JP in Ciência Poemas Química 28 Junho, 2019

A Química da vida e a vida da química

O mundo à escala do muito pequeno é fascinante. Devolve-nos beleza, lógica e mistério, como quase tudo na vida, se afinarmos os olhos…

 

J. C. Paiva,A Química da vida e a vida da química. Site PontoSJ (que se recomenda…). 17 de agosto de 2018.

 

https://pontosj.pt/opiniao/a-quimica-da-vida-e-a-vida-da-quimica/

 

A Química da vida e a vida da química

Os químicos, além de tentarem compreender como são feitas “as coisas”, ocupam-se do dinamismo de como se transformam umas substâncias noutras. Vemos e tentamos tatear humildemente o mundo vivo e o mundo inanimado, aqui na Terra e por todo o cosmos (astroquímica). Parece haver uma maior densidade atómico-molecular mais perto de nós do que no rarefeito espaço sideral: estima-se que, ali, bem longe de nós, um centímetro cúbico de espaço não contenha mais do que um átomo que, assim sendo, só colide com outro, em média, de dez mil em dez mil milhões de anos (química lenta, de facto…).  À química interessam muito os humanos, quanto mais não seja porque, na realidade, se somos vida, somos constante transformação.
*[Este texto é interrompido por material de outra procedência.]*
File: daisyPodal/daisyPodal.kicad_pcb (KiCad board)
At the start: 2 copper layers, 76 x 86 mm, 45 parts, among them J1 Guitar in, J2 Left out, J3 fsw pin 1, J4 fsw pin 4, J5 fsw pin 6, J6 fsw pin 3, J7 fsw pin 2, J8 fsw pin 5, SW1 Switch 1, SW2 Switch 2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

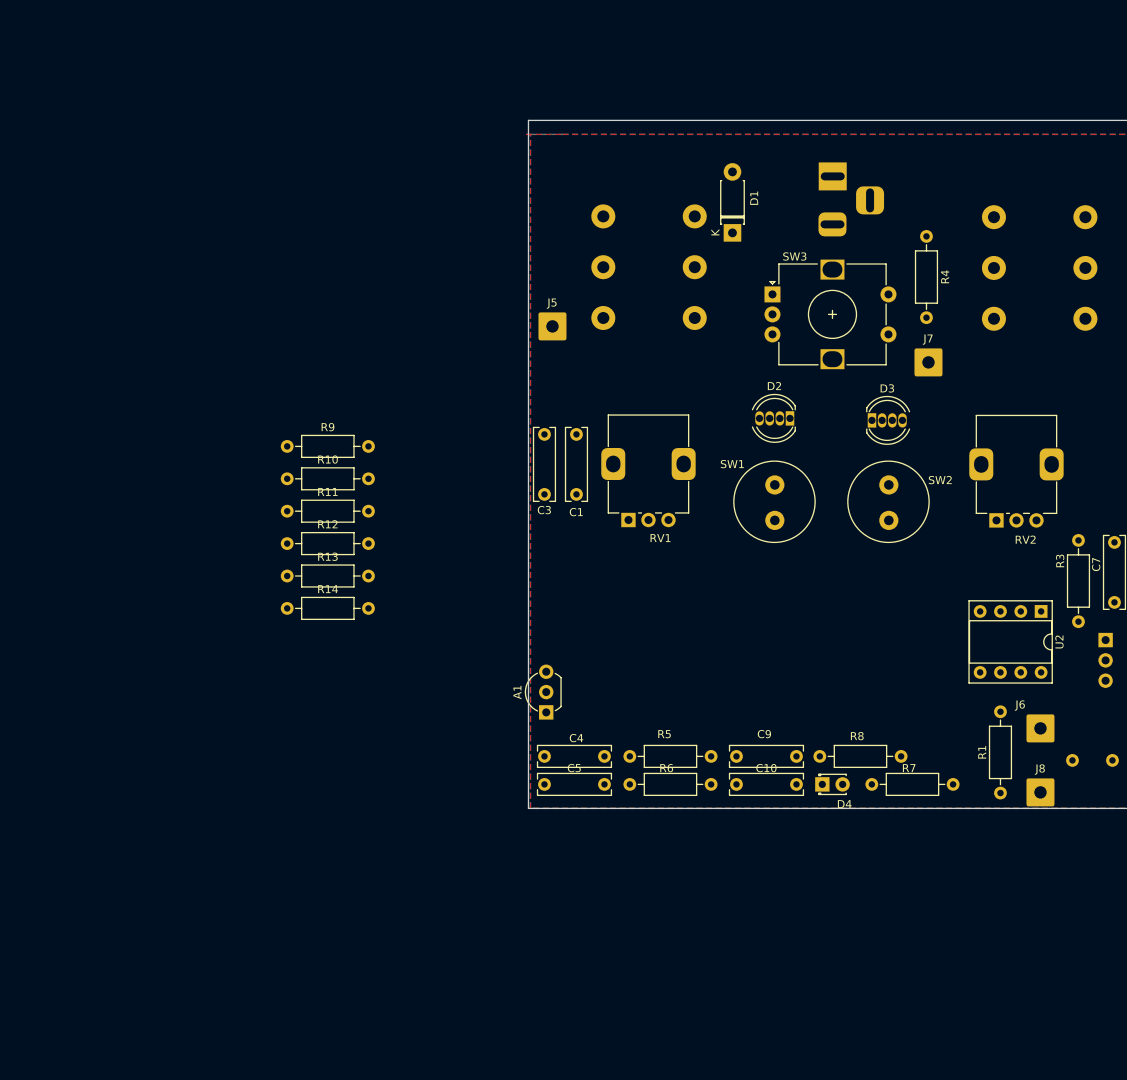
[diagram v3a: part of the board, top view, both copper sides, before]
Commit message: Add right out - stereo now
Replaced TL072 with TL074
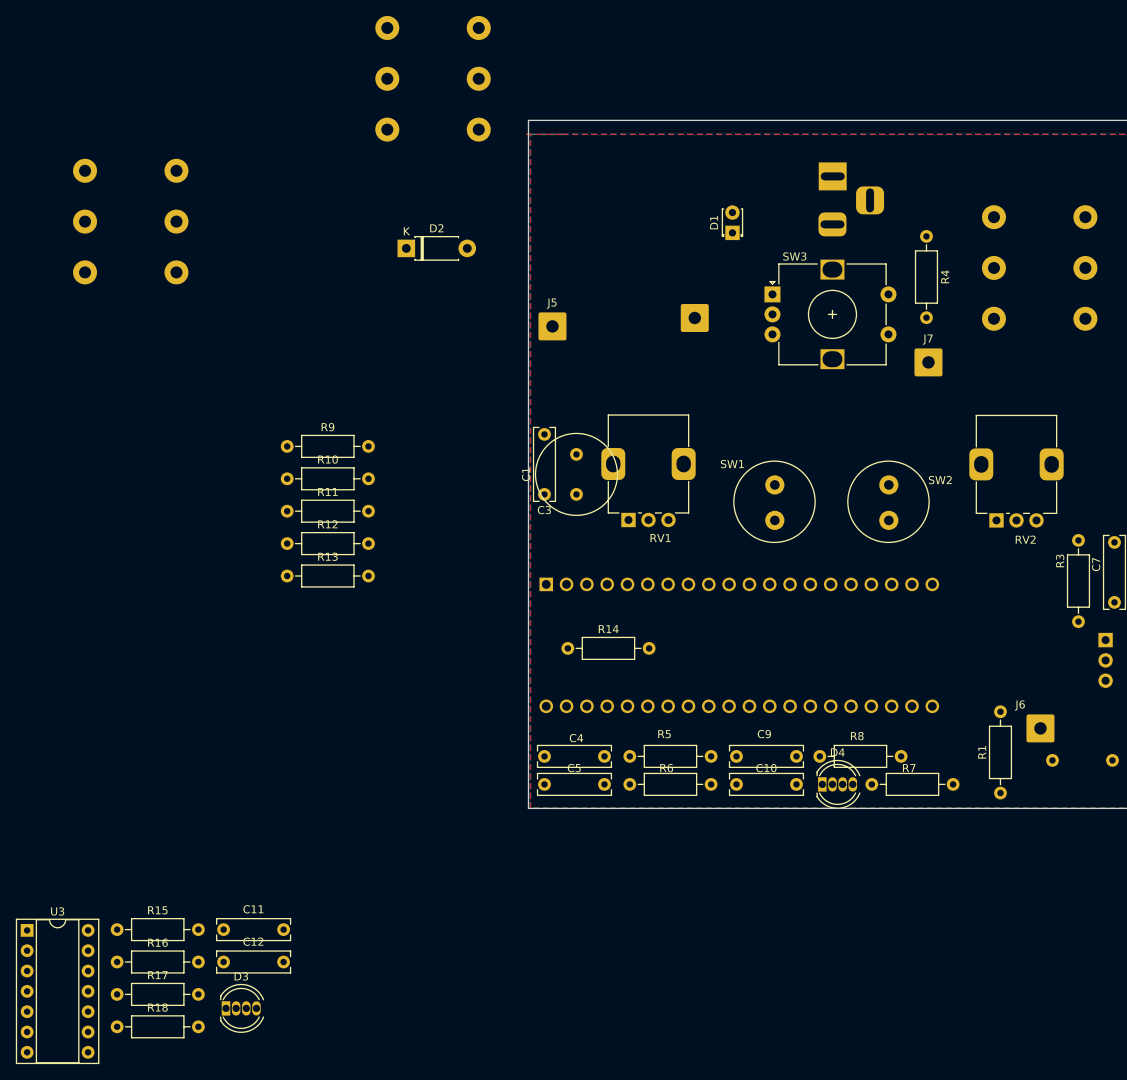
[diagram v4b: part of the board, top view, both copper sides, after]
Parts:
- removed U2: TL072, Package_DIP:DIP-8_W7.62mm_Socket
- added C11: 1u, Capacitor_THT:C_Rect_L9.0mm_W2.5mm_P7.50mm_MKT, F.Cu at (61.9, 137.2)
- added C12: 1u, Capacitor_THT:C_Rect_L9.0mm_W2.5mm_P7.50mm_MKT, F.Cu at (61.9, 141.2)
- added J10: Right out, Connector_Audio:Jack_6.35mm_Neutrik_NRJ6HM-1_Horizontal, B.Cu at (56.0, 55.0)
- added R15: 1M, Resistor_THT:R_Axial_DIN0207_L6.3mm_D2.5mm_P10.16mm_Horizontal, F.Cu at (48.6, 137.2)
- added R16: 1M, Resistor_THT:R_Axial_DIN0207_L6.3mm_D2.5mm_P10.16mm_Horizontal, F.Cu at (48.6, 141.2)
- added R17: 100R, Resistor_THT:R_Axial_DIN0207_L6.3mm_D2.5mm_P10.16mm_Horizontal, F.Cu at (48.6, 145.2)
- added R18: 100K, Resistor_THT:R_Axial_DIN0207_L6.3mm_D2.5mm_P10.16mm_Horizontal, F.Cu at (48.6, 149.3)
- added U3: TL074, Package_DIP:DIP-14_W7.62mm_Socket, F.Cu at (37.3, 137.2)
- A1: footprint Package_TO_SOT_THT:TO-92_Inline_Wide_78L05_dc -> Module:Electrosmith_Daisy_Seed; moved to B.Cu
- C1: value 100n -> 100u; footprint Capacitor_THT:C_Rect_L9.0mm_W2.5mm_P7.50mm_MKT -> Capacitor_THT:C_Radial_D10.0mm_H16.0mm_P5.00mm
- C2: value 100u -> 100p; footprint Capacitor_THT:C_Radial_D10.0mm_H16.0mm_P5.00mm -> Capacitor_THT:C_Rect_L9.0mm_W2.5mm_P7.50mm_MKT
- C3: value 100n -> 1u
- C6: value 100p -> 1n
- C7: value 1n -> 100n
- C8: value 1u -> 100n
- D1: value 1N5819 -> LED; footprint Diode_THT:D_DO-41_SOD81_P7.62mm_Horizontal -> LED_THT:LED_D1.8mm_W3.3mm_H2.4mm
- D2: value LED 1 -> 1N5819; footprint LED_THT:LED_D5.0mm-4_RGB -> Diode_THT:D_DO-41_SOD81_P7.62mm_Horizontal
- D3: value LED 2 -> LED_RAGB
- D4: value LED -> LED_RAGB; footprint LED_THT:LED_D1.8mm_W3.3mm_H2.4mm -> LED_THT:LED_D5.0mm-4_RGB
- J2: value Left out -> fsw pin 1; footprint Connector_Audio:Jack_6.35mm_Neutrik_NRJ6HM-1_Horizontal -> Connector_Wire:SolderWire-0.75sqmm_1x01_D1.25mm_OD3.5mm
- J3: value fsw pin 1 -> fsw pin 2
- J5: value fsw pin 6 -> fsw pin 5
- J6: value fsw pin 3 -> fsw pin 6
- J7: value fsw pin 2 -> fsw pin 3
- J8: value fsw pin 5 -> Left out; footprint Connector_Wire:SolderWire-0.75sqmm_1x01_D1.25mm_OD3.5mm -> Connector_Audio:Jack_6.35mm_Neutrik_NRJ6HM-1_Horizontal; moved to B.Cu
- R1, R2: value 1M -> 1k
- R13: value 1k -> 100R
- R14: value 1k -> 100K
- R3, R4: value 1k -> 1M
- R7: value 100K -> 1k
- R8: value 100R -> 1k
- SW1: value Switch 1 -> Switch 2
- SW2: value Switch 2 -> Switch 1
- moved D3 109.2 mm to (62.2, 147.0)
- moved J8 108.6 mm to (93.8, 37.1), turned to 90 degrees
- moved D2 52.5 mm to (84.7, 52.0), turned to 0 degrees
- moved R14 35.4 mm to (104.9, 102.0)
- moved A1 16.0 mm to (102.2, 94.0), turned to -90 degrees
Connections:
- C1 pad 1: GND -> /VCC
- C1 pad 2: /VCC -> GND
- C10 pad 1: /Left out -> Net-(C10-Pad1)
- C10 pad 2: Net-(U2B-+) -> Net-(J7-Pin_1)
- C2 pad 1: /VCC -> Net-(J4-Pin_1)
- C3 pad 1: GND -> Net-(J4-Pin_1)
- C3 pad 2: /VCC -> Net-(C3-Pad2)
- C4 pad 2: +5V -> /VCC
- C5 pad 2: +5V -> /VCC
- C6 pad 1: Net-(J4-Pin_1) -> Net-(U3A-+)
- C7 pad 1: Net-(U2A-+) -> GND
- C7 pad 2: GND -> +5V
- C8 pad 1: Net-(J4-Pin_1) -> GND
- C8 pad 2: Net-(C8-Pad2) -> +5V
- C9 pad 1: Net-(C9-Pad1) -> /Left out
- C9 pad 2: Net-(J6-Pin_1) -> Net-(U3B-+)
- D1 pad 1: /VCC -> Net-(D1-K)
- D1 pad 2: Net-(BT1-+) -> Net-(D1-A)
- D2 pad 1: /LED_1_G -> /VCC
- D2 pad 2: /LED_1_B -> Net-(BT1-+)
- D3 pad 1: /LED_2_G -> Net-(D3-RK)
- D3 pad 2: /LED_2_B -> /3v3
- D3 pad 3: GND -> Net-(D3-GK)
- D3 pad 4: /LED_2_R -> Net-(D3-BK)
- D4 pad 1: Net-(D4-K) -> Net-(D4-RK)
- D4 pad 2: Net-(D4-A) -> /3v3
- J1 pad T: Net-(J3-Pin_1) -> Net-(J2-Pin_1)
- J3 pad 1: Net-(J3-Pin_1) -> Net-(D1-K)
- J5 pad 1: Net-(J5-Pin_1) -> GND
- J7 pad 1: Net-(D4-K) -> Net-(J7-Pin_1)
- R1 pad 1: +5V -> Net-(BT1-+)
- R1 pad 2: Net-(U2A-+) -> Net-(D1-A)
- R10 pad 1: /LED_1_G -> /LED_2_B
- R10 pad 2: Net-(D7-GK) -> Net-(D4-RK)
- R11 pad 1: /LED_1_R -> /LED_2_G
- R11 pad 2: Net-(D7-BK) -> Net-(D4-GK)
- R12 pad 1: /LED_2_B -> /LED_2_R
- R12 pad 2: Net-(D2-RK) -> Net-(D4-BK)
- R13 pad 1: /LED_2_G -> Net-(U3B--)
- R13 pad 2: Net-(D2-GK) -> Net-(C10-Pad1)
- R14 pad 1: /LED_2_R -> Net-(J7-Pin_1)
- R14 pad 2: Net-(D2-BK) -> GND
- R2 pad 1: Net-(U2A-+) -> Net-(C3-Pad2)
- R2 pad 2: GND -> Net-(U3A-+)
- R3 pad 1: Net-(C8-Pad2) -> +5V
- R3 pad 2: Net-(U2A-+) -> Net-(U3A-+)
- R4 pad 1: Net-(BT1-+) -> Net-(U3A-+)
- R4 pad 2: Net-(D4-A) -> GND
- R5 pad 2: Net-(U2B-+) -> Net-(U3B-+)
- R6 pad 1: Net-(U2B-+) -> Net-(U3B-+)
- R7 pad 1: Net-(J6-Pin_1) -> /LED_1_B
- R7 pad 2: GND -> Net-(D3-RK)
- R8 pad 1: Net-(U2B--) -> /LED_1_G
- R8 pad 2: Net-(C9-Pad1) -> Net-(D3-GK)
- R9 pad 1: /LED_1_B -> /LED_1_R
- R9 pad 2: Net-(D7-RK) -> Net-(D3-BK)
- SW1 pad 1: Net-(A1-SAI2_FS) -> Net-(A1-SAI2_SCK)
- SW2 pad 1: Net-(A1-SAI2_SCK) -> Net-(A1-SAI2_FS)

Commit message: reduce size of box capacitors to fit caps we use
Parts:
- moved D1 151.2 mm to (29.0, 166.4)
- moved J2 145.0 mm to (265.5, 70.0)
- moved SW2 137.7 mm to (266.5, 150.9)
- moved J7 130.8 mm to (272.5, 112.0)
- moved R4 128.4 mm to (274.5, 80.9)
- moved SW1 117.6 mm to (46.0, 167.4)
- moved BT1 113.9 mm to (251.5, 39.0)
- moved RV1 108.7 mm to (221.0, 92.5)
- moved SW3 94.2 mm to (208.2, 111.0)
- moved D4 91.6 mm to (49.1, 145.5)
- moved C9 86.6 mm to (212.8, 150.5)
- moved J6 86.6 mm to (243.2, 147.0)
- moved R3 86.6 mm to (248.0, 123.5)
- moved R8 86.6 mm to (225.8, 150.5)
- moved RV2 86.6 mm to (237.8, 121.0)
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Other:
- board size 76 x 86 mm -> 76 x 80 mm

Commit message: Place components on PCB in sensible blocks
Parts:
- removed J10: Right out, Connector_Audio:Jack_6.35mm_Neutrik_NRJ6HM-1_Horizontal
- removed U3: TL074, Package_DIP:DIP-14_W7.62mm_Socket
- added J9: fsw pin 3, Connector_Wire:SolderWire-0.75sqmm_1x01_D1.25mm_OD3.5mm, F.Cu at (140.0, 55.0)
- added U2: TL074, Package_DIP:DIP-14_W7.62mm_Socket, F.Cu at (136.9, 106.0)
- C1: moved to B.Cu
- C10, C11, C12, C3, C4, C5, C6, C7, C8, C9: footprint Capacitor_THT:C_Rect_L9.0mm_W2.5mm_P7.50mm_MKT -> Capacitor_THT:C_Rect_L7.0mm_W2.5mm_P5.00mm
- C2: footprint Capacitor_THT:C_Rect_L9.0mm_W2.5mm_P7.50mm_MKT -> Capacitor_THT:C_Rect_L7.0mm_W2.5mm_P5.00mm; moved to F.Cu
- J2: moved to F.Cu
- J7: value fsw pin 3 -> Left out; footprint Connector_Wire:SolderWire-0.75sqmm_1x01_D1.25mm_OD3.5mm -> Connector_Audio:Jack_6.35mm_Neutrik_NRJ6HM-1_Horizontal; moved to B.Cu
- J8: value Left out -> Right out
- R13: value 100R -> 1k
- R14: value 100K -> 1k
- R15, R16: value 1M -> 100R
- R17: value 100R -> 100K
- R7, R8: value 1k -> 1M
- SW1: value Switch 2 -> Switch 1; footprint Button_Switch_THT:SW_CW_GPTS203211B_1 podal -> Connector_Wire:SolderWire-0.75sqmm_1x02_P7mm_D1.25mm_OD3.5mm
- SW2: value Switch 1 -> Switch 2; footprint Button_Switch_THT:SW_CW_GPTS203211B_1 podal -> Connector_Wire:SolderWire-0.75sqmm_1x02_P7mm_D1.25mm_OD3.5mm
- moved J5 153.8 mm to (172.0, 123.0)
- moved J7 146.0 mm to (131.0, 76.0), turned to 90 degrees
- moved J6 133.1 mm to (125.0, 86.0)
- moved D2 130.8 mm to (124.0, 129.0)
- moved J3 126.6 mm to (142.0, 130.0)
- moved D4 119.2 mm to (160.1, 102.0)
- moved R4 119.2 mm to (156.0, 67.8)
- moved R18 117.0 mm to (136.0, 65.0), turned to 90 degrees
- moved R8 115.4 mm to (136.0, 78.0), turned to 90 degrees
- moved D1 115.2 mm to (138.3, 130.0), turned to 180 degrees
- moved R16 114.5 mm to (142.0, 78.0), turned to 90 degrees
- moved R12 113.5 mm to (131.8, 115.0)
- moved SW2 111.7 mm to (157.0, 129.0)
- moved RV1 111.5 mm to (109.5, 95.0)
- moved R13 110.8 mm to (131.8, 118.0)
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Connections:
- C10 pad 1: Net-(C10-Pad1) -> /Left out
- C10 pad 2: Net-(J7-Pin_1) -> Net-(U2B-+)
- C11 pad 1: /Right out -> Net-(C11-Pad1)
- C11 pad 2: Net-(U3C-+) -> Net-(C11-Pad2)
- C6 pad 1: Net-(U3A-+) -> Net-(U2A-+)
- C9 pad 1: /Left out -> /Right out
- J8 pad T: Net-(J6-Pin_1) -> Net-(C11-Pad2)
- R10 pad 1: /LED_2_B -> /LED_1_G
- R10 pad 2: Net-(D4-RK) -> Net-(D3-GK)
- R11 pad 1: /LED_2_G -> /LED_1_R
- R11 pad 2: Net-(D4-GK) -> Net-(D3-BK)
- R12 pad 1: /LED_2_R -> /LED_2_B
- R12 pad 2: Net-(D4-BK) -> Net-(D4-RK)
- R13 pad 1: Net-(U3B--) -> /LED_2_G
- R13 pad 2: Net-(C10-Pad1) -> Net-(D4-GK)
- R14 pad 1: Net-(J7-Pin_1) -> /LED_2_R
- R14 pad 2: GND -> Net-(D4-BK)
- R15 pad 1: +5V -> Net-(U2C--)
- R15 pad 2: Net-(U3C-+) -> Net-(C11-Pad1)
- R16 pad 1: Net-(U3C-+) -> Net-(U2B--)
- R16 pad 2: GND -> Net-(C12-Pad1)
- R17 pad 1: Net-(U3C--) -> Net-(C11-Pad2)
- R17 pad 2: Net-(C12-Pad1) -> GND
- R2 pad 2: Net-(U3A-+) -> Net-(U2A-+)
- R3 pad 2: Net-(U3A-+) -> Net-(R3-Pad2)
- R4 pad 1: Net-(U3A-+) -> Net-(R3-Pad2)
- R7 pad 1: /LED_1_B -> +5V
- R7 pad 2: Net-(D3-RK) -> Net-(U2B-+)
- R8 pad 1: /LED_1_G -> Net-(U2B-+)
- R8 pad 2: Net-(D3-GK) -> GND
- R9 pad 1: /LED_1_R -> /LED_1_B
- R9 pad 2: Net-(D3-BK) -> Net-(D3-RK)
- SW1 pad 1: Net-(A1-SAI2_SCK) -> Net-(A1-SAI2_FS)
- SW2 pad 1: Net-(A1-SAI2_FS) -> Net-(A1-SAI2_SCK)
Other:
- board text added: "Podal v0.2 Denis Crowdy"
- board text removed: "Podal v0.1"

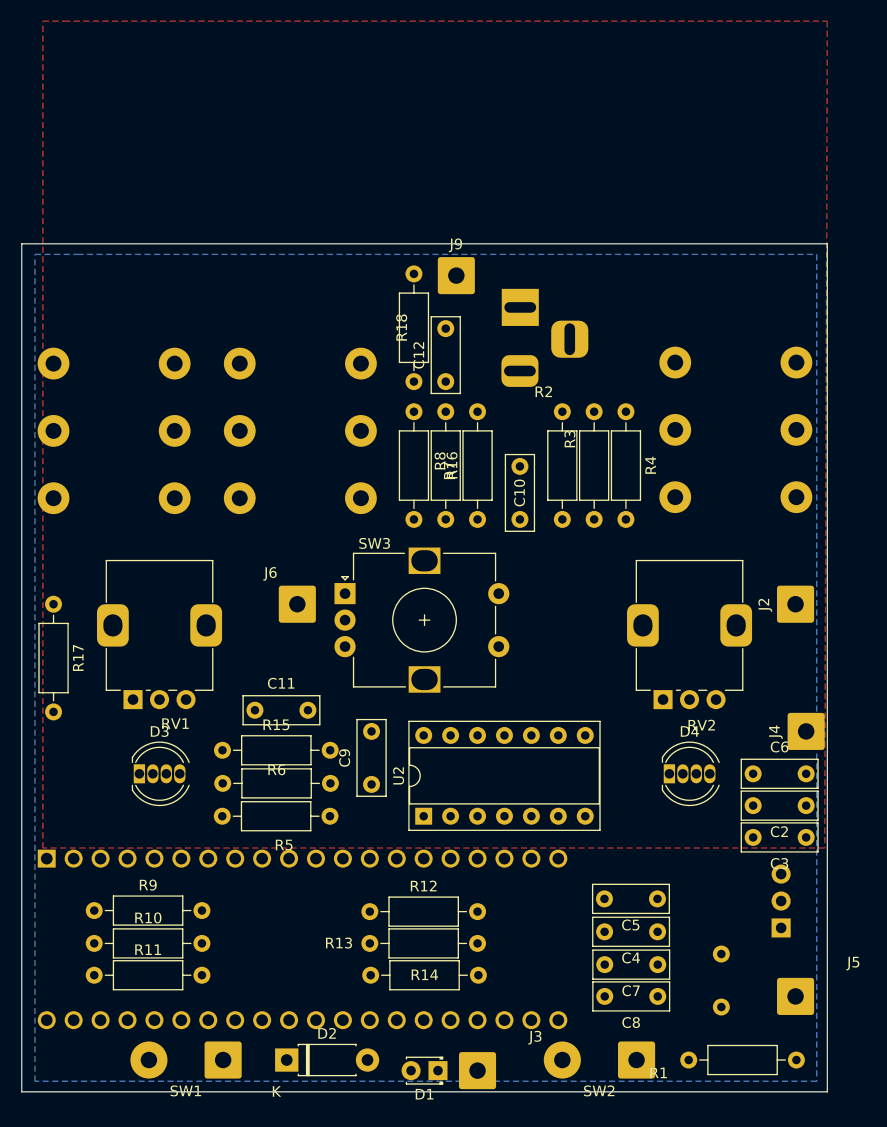
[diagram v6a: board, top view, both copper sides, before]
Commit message: Connect everything together on PCB
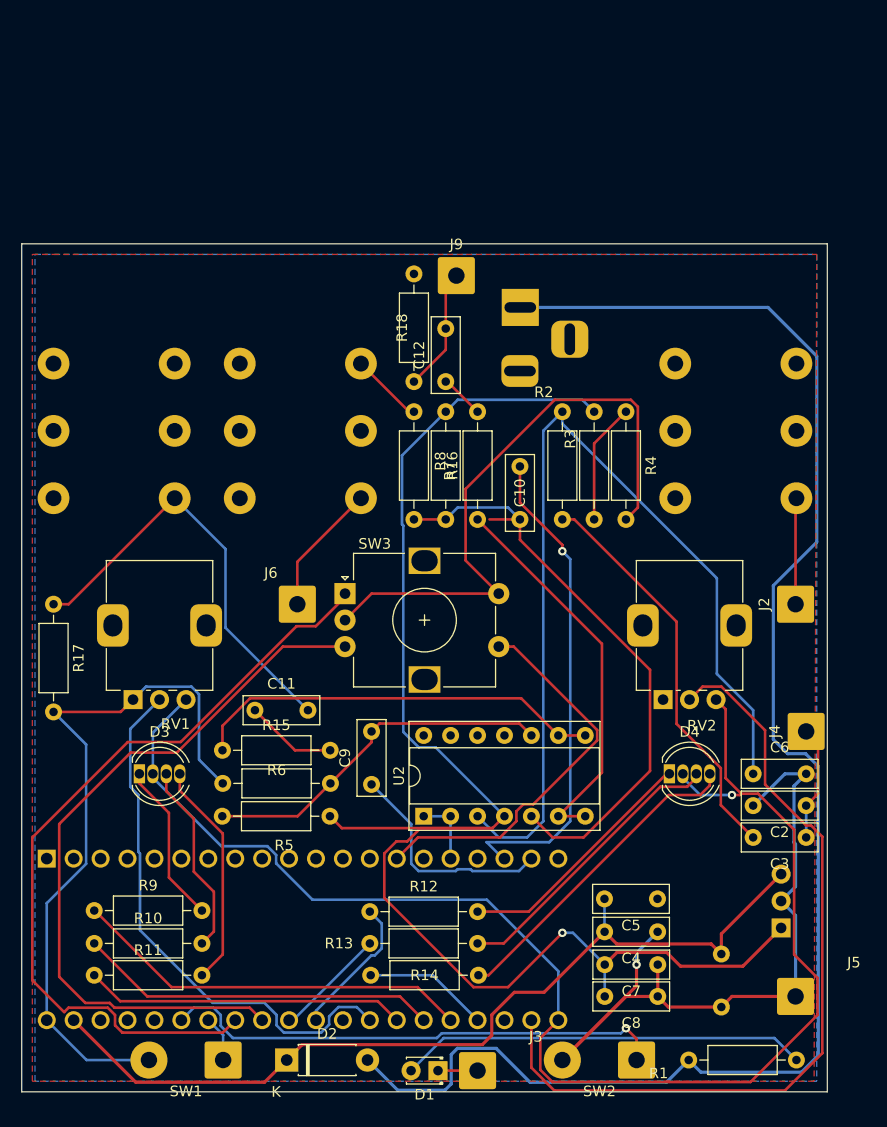
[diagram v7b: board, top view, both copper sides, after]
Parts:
- moved J1 0.10 mm to (172.1, 76.0)
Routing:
- net GND: track 0.00 -> 205.4 mm, vias 0 -> 1
- net Net-(BT1-+): track 0.00 -> 150.6 mm
- net +5V: track 0.00 -> 142.3 mm, vias 0 -> 1
- net /3v3: track 0.00 -> 135.4 mm, vias 0 -> 1
- net Net-(U2A-+): track 0.00 -> 88.7 mm
- net /VCC: track 0.00 -> 84.4 mm
- net Net-(A1-ADC_0): track 0.00 -> 76.6 mm
- net Net-(A1-SAI2_SD_A): track 0.00 -> 75.3 mm
- net Net-(A1-SAI2_SD_B): track 0.00 -> 69.1 mm
- net Net-(U2B-+): track 0.00 -> 57.2 mm
- net Net-(A1-ADC_6): track 0.00 -> 51.5 mm
- net Net-(A1-SAI2_SCK): track 0.00 -> 48.0 mm, vias 0 -> 1
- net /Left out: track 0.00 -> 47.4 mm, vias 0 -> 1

Química deriva da alquimia, prática antiga, pré-científica, que buscava a pedra filosofal, capaz de transformar metais vis, como ferro, em metais nobres, como ouro. Esta arte-magia tinha o seu quê de transcendente pois o elixir em procura, uma vez ingerido por humanos, transmutá-los-ia a eles mesmos para a eternidade. Hoje soa-nos a estranho mas ontem moveu muitos, incluindo notáveis cientistas como Newton. Da alquimia herdamos, entre outras preciosidades, as manipulações laboratoriais que ainda hoje praticamos nos espaços químicos. Notar que a expressão quimia quer dizer, precisamente, verter. Não fosse a química a ciência das misturas…

Uma das maravilhas da química é a aproximação à ideia de que toda a realidade, complexa e diversa, nas suas cores, formas, estruturas e demais propriedades, se faz à custa, apenas, de uma centena de unidades estruturais (elementos químicos). Estes diferentes tipos de átomos estão organizados numa tabela magnífica, que dá pelo nome de Tabela Periódica dos Elementos e que, de alguma forma, é a coleção dos bilhetes de identidade de cada um dos átomos que dá cor e vida e todo o cosmos.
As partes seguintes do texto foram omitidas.